Traceback (most recent call last):
  File "/Users/danielstephan/python/holoviews/test.py", line 14, in <module>
    image = dataset.to(hv.Image)
  File "/Users/danielstephan/python/holoviews/holoviews/core/data/__init__.py", line 143, in __call__
    element = new_type(selected, **params)
  File "/Users/danielstephan/python/holoviews/holoviews/element/raster.py", line 256, in __init__
    Dataset.__init__(self, data, kdims=kdims, vdims=vdims, extents=extents, **params)
  File "/Users/danielstephan/python/holoviews/holoviews/core/data/__init__.py", line 199, in __init__
    super(Dataset, self).__init__(data, **dict(kwargs, **dict(dims, **extra_kws)))
  File "/Users/danielstephan/python/holoviews/holoviews/element/raster.py", line 50, in __init__
    super(Raster, self).__init__(data, kdims=kdims, vdims=vdims, extents=extents, **params)
  File "/Users/danielstephan/python/holoviews/holoviews/core/dimension.py", line 839, in __init__
    super(Dimensioned, self).__init__(data, **params)
  File "/Users/danielstephan/python/holoviews/holoviews/core/dimension.py", line 560, in __init__
    super(LabelledData, self).__init__(**params)
  File "/Users/danielstephan/anaconda3/envs/holoviews_dev/lib/python3.6/site-packages/param/parameterized.py", line 1041, in __init__
    self._setup_params(**params)
  File "/Users/danielstephan/anaconda3/envs/holoviews_dev/lib/python3.6/site-packages/param/parameterized.py", line 978, in override_initialization
    fn(parameterized_instance,*args,**kw)
  File "/Users/danielstephan/anaconda3/envs/holoviews_dev/lib/python3.6/site-packages/param/parameterized.py", line 1441, in _setup_params
    setattr(self,name,val)
  File "/Users/danielstephan/anaconda3/envs/holoviews_dev/lib/python3.6/site-packages/param/__init__.py", line 615, in __set__
    super(Number,self).__set__(obj,val)
  File "/Users/danielstephan/anaconda3/envs/holoviews_dev/lib/python3.6/site-packages/param/__init__.py", line 452, in __set__
    if not obj: self._set_instantiate(dynamic)
  File "/Users/danielstephan/python/holoviews/holoviews/core/data/__init__.py", line 555, in __nonzero__
    return self.interface.nonzero(self)
  File "/Users/danielstephan/python/holoviews/holoviews/core/data/interface.py", line 351, in nonzero
    return bool(cls.length(dataset))
  File "/Users/danielstephan/python/holoviews/holoviews/core/data/xarray.py", line 432, in length
    return np.product([len(dataset.data[d.name]) for d in dataset.kdims])
  File "/Users/danielstephan/python/holoviews/holoviews/core/data/xarray.py", line 432, in <listcomp>
    return np.product([len(dataset.data[d.name]) for d in dataset.kdims])
  File "/Users/danielstephan/anaconda3/envs/holoviews_dev/lib/python3.6/site-packages/xarray/core/dataset.py", line 873, in __getitem__
    return self._construct_dataarray(key)
  File "/Users/danielstephan/anaconda3/envs/holoviews_dev/lib/python3.6/site-packages/xarray/core/dataset.py", line 782, in _construct_dataarray
    self._variables, name, self._level_coords, self.dims)
  File "/Users/danielstephan/anaconda3/envs/holoviews_dev/lib/python3.6/site-packages/xarray/core/dataset.py", line 72, in _get_virtual_variable
    ref_var = variables[ref_name]
KeyError: 'x'

This does not happen in version 1.9.5

jlstevens commented 6 years ago

This looks like the critical param bug that is in the process of being fixed. This will involve a new param release (hopefully today!) and the fix should simply be to install this new version (which will also be required by 1.10).

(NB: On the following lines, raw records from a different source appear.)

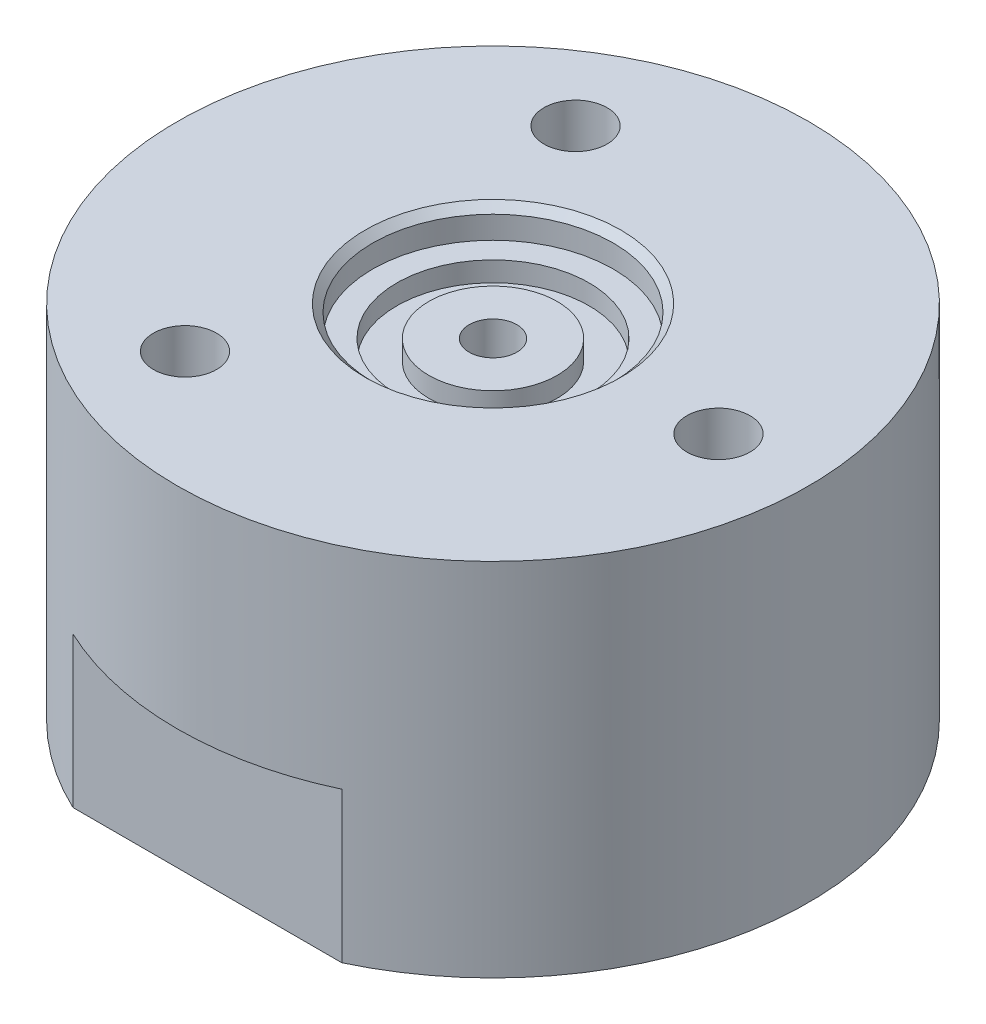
ISO-10303-21;
HEADER;
FILE_DESCRIPTION(('STEP AP214'),'2;1');
FILE_NAME('part.step','',(''),(''),'','','');
FILE_SCHEMA(('AUTOMOTIVE_DESIGN { 1 0 10303 214 1 1 1 1 }'));
ENDSEC;
DATA;
#1=APPLICATION_CONTEXT('core data for automotive mechanical design processes');
#2=APPLICATION_PROTOCOL_DEFINITION('international standard','automotive_design',2000,#1);
#3=PRODUCT_CONTEXT('',#1,'mechanical');
#4=PRODUCT('Part','Part','',(#3));
#5=PRODUCT_RELATED_PRODUCT_CATEGORY('part','',(#4));
#6=PRODUCT_DEFINITION_FORMATION('','',#4);
#7=PRODUCT_DEFINITION_CONTEXT('part definition',#1,'design');
#8=PRODUCT_DEFINITION('design','',#6,#7);
#9=PRODUCT_DEFINITION_SHAPE('','',#8);
#10=(LENGTH_UNIT() NAMED_UNIT(*) SI_UNIT(.MILLI.,.METRE.));
#11=(NAMED_UNIT(*) PLANE_ANGLE_UNIT() SI_UNIT($,.RADIAN.));
#12=(NAMED_UNIT(*) SI_UNIT($,.STERADIAN.) SOLID_ANGLE_UNIT());
#13=UNCERTAINTY_MEASURE_WITH_UNIT(LENGTH_MEASURE(1.E-05),#10,'distance_accuracy_value','');
#14=(GEOMETRIC_REPRESENTATION_CONTEXT(3) GLOBAL_UNCERTAINTY_ASSIGNED_CONTEXT((#13)) GLOBAL_UNIT_ASSIGNED_CONTEXT((#10,
#11,#12)) REPRESENTATION_CONTEXT('',''));
#15=CARTESIAN_POINT('',(0.,0.,0.));
#16=DIRECTION('',(0.,0.,1.));
#17=DIRECTION('',(1.,0.,0.));
#18=AXIS2_PLACEMENT_3D('',#15,#16,#17);
#19=CARTESIAN_POINT('',(-21.,-7.5,0.));
#20=DIRECTION('',(-1.,0.,0.));
#21=DIRECTION('',(0.,0.,1.));
#22=AXIS2_PLACEMENT_3D('',#19,#20,#21);
#23=CYLINDRICAL_SURFACE('',#22,0.793749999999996);
#24=CARTESIAN_POINT('',(-1.37481532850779,-7.5,0.793749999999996));
#25=CARTESIAN_POINT('',(-1.37481893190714,-7.45863942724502,0.793747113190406));
#26=CARTESIAN_POINT('',(-1.37671017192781,-7.417226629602,0.790495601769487));
#27=CARTESIAN_POINT('',(-1.38400128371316,-7.33567210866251,0.777655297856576));
#28=CARTESIAN_POINT('',(-1.38940852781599,-7.29553324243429,0.768053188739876));
#29=CARTESIAN_POINT('',(-1.40294793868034,-7.217860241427,0.743029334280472));
#30=CARTESIAN_POINT('',(-1.41106559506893,-7.18031349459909,0.727638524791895));
#31=CARTESIAN_POINT('',(-1.4290886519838,-7.10834453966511,0.691568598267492));
#32=CARTESIAN_POINT('',(-1.43899414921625,-7.07392250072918,0.670889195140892));
#33=CARTESIAN_POINT('',(-1.46047514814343,-7.00604482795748,0.622829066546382));
#34=CARTESIAN_POINT('',(-1.47212100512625,-6.97290306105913,0.595036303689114));
#35=CARTESIAN_POINT('',(-1.49520261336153,-6.91150709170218,0.534395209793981));
#36=CARTESIAN_POINT('',(-1.50663825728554,-6.88325532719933,0.501544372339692));
#37=CARTESIAN_POINT('',(-1.52893297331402,-6.83057732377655,0.429013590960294));
#38=CARTESIAN_POINT('',(-1.53970121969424,-6.8065373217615,0.389022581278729));
#39=CARTESIAN_POINT('',(-1.55853412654,-6.76566944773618,0.304924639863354));
#40=CARTESIAN_POINT('',(-1.56660049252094,-6.74883702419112,0.260820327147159));
#41=CARTESIAN_POINT('',(-1.57861366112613,-6.72410567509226,0.173073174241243));
#42=CARTESIAN_POINT('',(-1.58281274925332,-6.7156563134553,0.129620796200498));
#43=CARTESIAN_POINT('',(-1.58756019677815,-6.70611814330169,0.0417279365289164));
#44=CARTESIAN_POINT('',(-1.58811076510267,-6.70502488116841,-0.00271193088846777));
#45=CARTESIAN_POINT('',(-1.58561866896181,-6.71001767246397,-0.0871795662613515));
#46=CARTESIAN_POINT('',(-1.58288431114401,-6.71548767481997,-0.127254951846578));
#47=CARTESIAN_POINT('',(-1.57459557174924,-6.73234916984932,-0.205830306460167));
#48=CARTESIAN_POINT('',(-1.56904097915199,-6.74374110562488,-0.244330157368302));
#49=CARTESIAN_POINT('',(-1.55552444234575,-6.77219678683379,-0.319333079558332));
#50=CARTESIAN_POINT('',(-1.54753025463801,-6.78933682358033,-0.355801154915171));
#51=CARTESIAN_POINT('',(-1.52985506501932,-6.82869658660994,-0.425431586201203));
#52=CARTESIAN_POINT('',(-1.52017345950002,-6.85091813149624,-0.458592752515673));
#53=CARTESIAN_POINT('',(-1.49895238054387,-6.90222318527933,-0.52401284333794));
#54=CARTESIAN_POINT('',(-1.48732379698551,-6.93175677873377,-0.555890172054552));
#55=CARTESIAN_POINT('',(-1.46410632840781,-6.99564309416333,-0.61444534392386));
#56=CARTESIAN_POINT('',(-1.45251748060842,-7.02999948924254,-0.641119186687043));
#57=CARTESIAN_POINT('',(-1.42989423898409,-7.10522700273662,-0.690169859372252));
#58=CARTESIAN_POINT('',(-1.41894178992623,-7.14637328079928,-0.712166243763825));
#59=CARTESIAN_POINT('',(-1.39998013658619,-7.23245677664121,-0.748759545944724));
#60=CARTESIAN_POINT('',(-1.39196786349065,-7.27738998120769,-0.76336418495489));
#61=CARTESIAN_POINT('',(-1.3806855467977,-7.36602651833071,-0.783574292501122));
#62=CARTESIAN_POINT('',(-1.37709001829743,-7.40954513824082,-0.789801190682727));
#63=CARTESIAN_POINT('',(-1.37412348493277,-7.49714356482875,-0.794954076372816));
#64=CARTESIAN_POINT('',(-1.3747494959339,-7.54122295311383,-0.793885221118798));
#65=CARTESIAN_POINT('',(-1.37981004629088,-7.62355029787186,-0.78504735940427));
#66=CARTESIAN_POINT('',(-1.38382047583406,-7.66190868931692,-0.778024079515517));
#67=CARTESIAN_POINT('',(-1.39457129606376,-7.73682943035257,-0.758583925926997));
#68=CARTESIAN_POINT('',(-1.40131257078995,-7.77339119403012,-0.74616530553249));
#69=CARTESIAN_POINT('',(-1.41713126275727,-7.84560774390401,-0.715682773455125));
#70=CARTESIAN_POINT('',(-1.42630241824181,-7.8811420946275,-0.697384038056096));
#71=CARTESIAN_POINT('',(-1.44586419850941,-7.94884123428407,-0.655865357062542));
#72=CARTESIAN_POINT('',(-1.45625544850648,-7.98100427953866,-0.632642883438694));
#73=CARTESIAN_POINT('',(-1.47866098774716,-8.04528939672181,-0.578514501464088));
#74=CARTESIAN_POINT('',(-1.49071475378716,-8.07689523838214,-0.547009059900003));
#75=CARTESIAN_POINT('',(-1.51395299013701,-8.13453346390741,-0.47895231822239));
#76=CARTESIAN_POINT('',(-1.52513716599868,-8.16056396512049,-0.44239932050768));
#77=CARTESIAN_POINT('',(-1.54575955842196,-8.20689289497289,-0.363962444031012));
#78=CARTESIAN_POINT('',(-1.55514390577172,-8.22702191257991,-0.321963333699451));
#79=CARTESIAN_POINT('',(-1.57069912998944,-8.2597282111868,-0.234570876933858));
#80=CARTESIAN_POINT('',(-1.5768728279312,-8.272312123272,-0.189180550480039));
#81=CARTESIAN_POINT('',(-1.58486084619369,-8.28848629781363,-0.100790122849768));
#82=CARTESIAN_POINT('',(-1.58702317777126,-8.29279581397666,-0.0579528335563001));
#83=CARTESIAN_POINT('',(-1.58783440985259,-8.29441934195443,0.0278812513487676));
#84=CARTESIAN_POINT('',(-1.58648454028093,-8.29173580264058,0.0708779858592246));
#85=CARTESIAN_POINT('',(-1.580625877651,-8.27992572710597,0.152827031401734));
#86=CARTESIAN_POINT('',(-1.57633110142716,-8.27123540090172,0.191859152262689));
#87=CARTESIAN_POINT('',(-1.56521224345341,-8.24824669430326,0.267847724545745));
#88=CARTESIAN_POINT('',(-1.55838779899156,-8.23394750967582,0.304803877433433));
#89=CARTESIAN_POINT('',(-1.54246207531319,-8.19951040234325,0.377367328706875));
#90=CARTESIAN_POINT('',(-1.53327589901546,-8.17914891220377,0.412849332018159));
#91=CARTESIAN_POINT('',(-1.51358705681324,-8.13344589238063,0.48003987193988));
#92=CARTESIAN_POINT('',(-1.50308378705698,-8.10810207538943,0.51174666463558));
#93=CARTESIAN_POINT('',(-1.48057084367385,-8.05022977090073,0.57381299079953));
#94=CARTESIAN_POINT('',(-1.46851527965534,-8.01723727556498,0.603724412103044));
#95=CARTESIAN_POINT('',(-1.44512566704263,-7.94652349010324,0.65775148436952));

philippjfr commented 6 years ago

Thanks for getting back to us so quickly @drs251, that is indeed related to param. I'm actually very glad to hear that this doesn't affect 1.9.5 because I had thought this was broken for everyone.

philippjfr commented 4 years ago

I think all the issues here were addressed, if I'm mistaken please reopen a more specific issue.

github-actions[bot] commented 3 weeks ago

This issue has been automatically locked since there has not been any recent activity after it was closed. Please open a new issue for related bugs.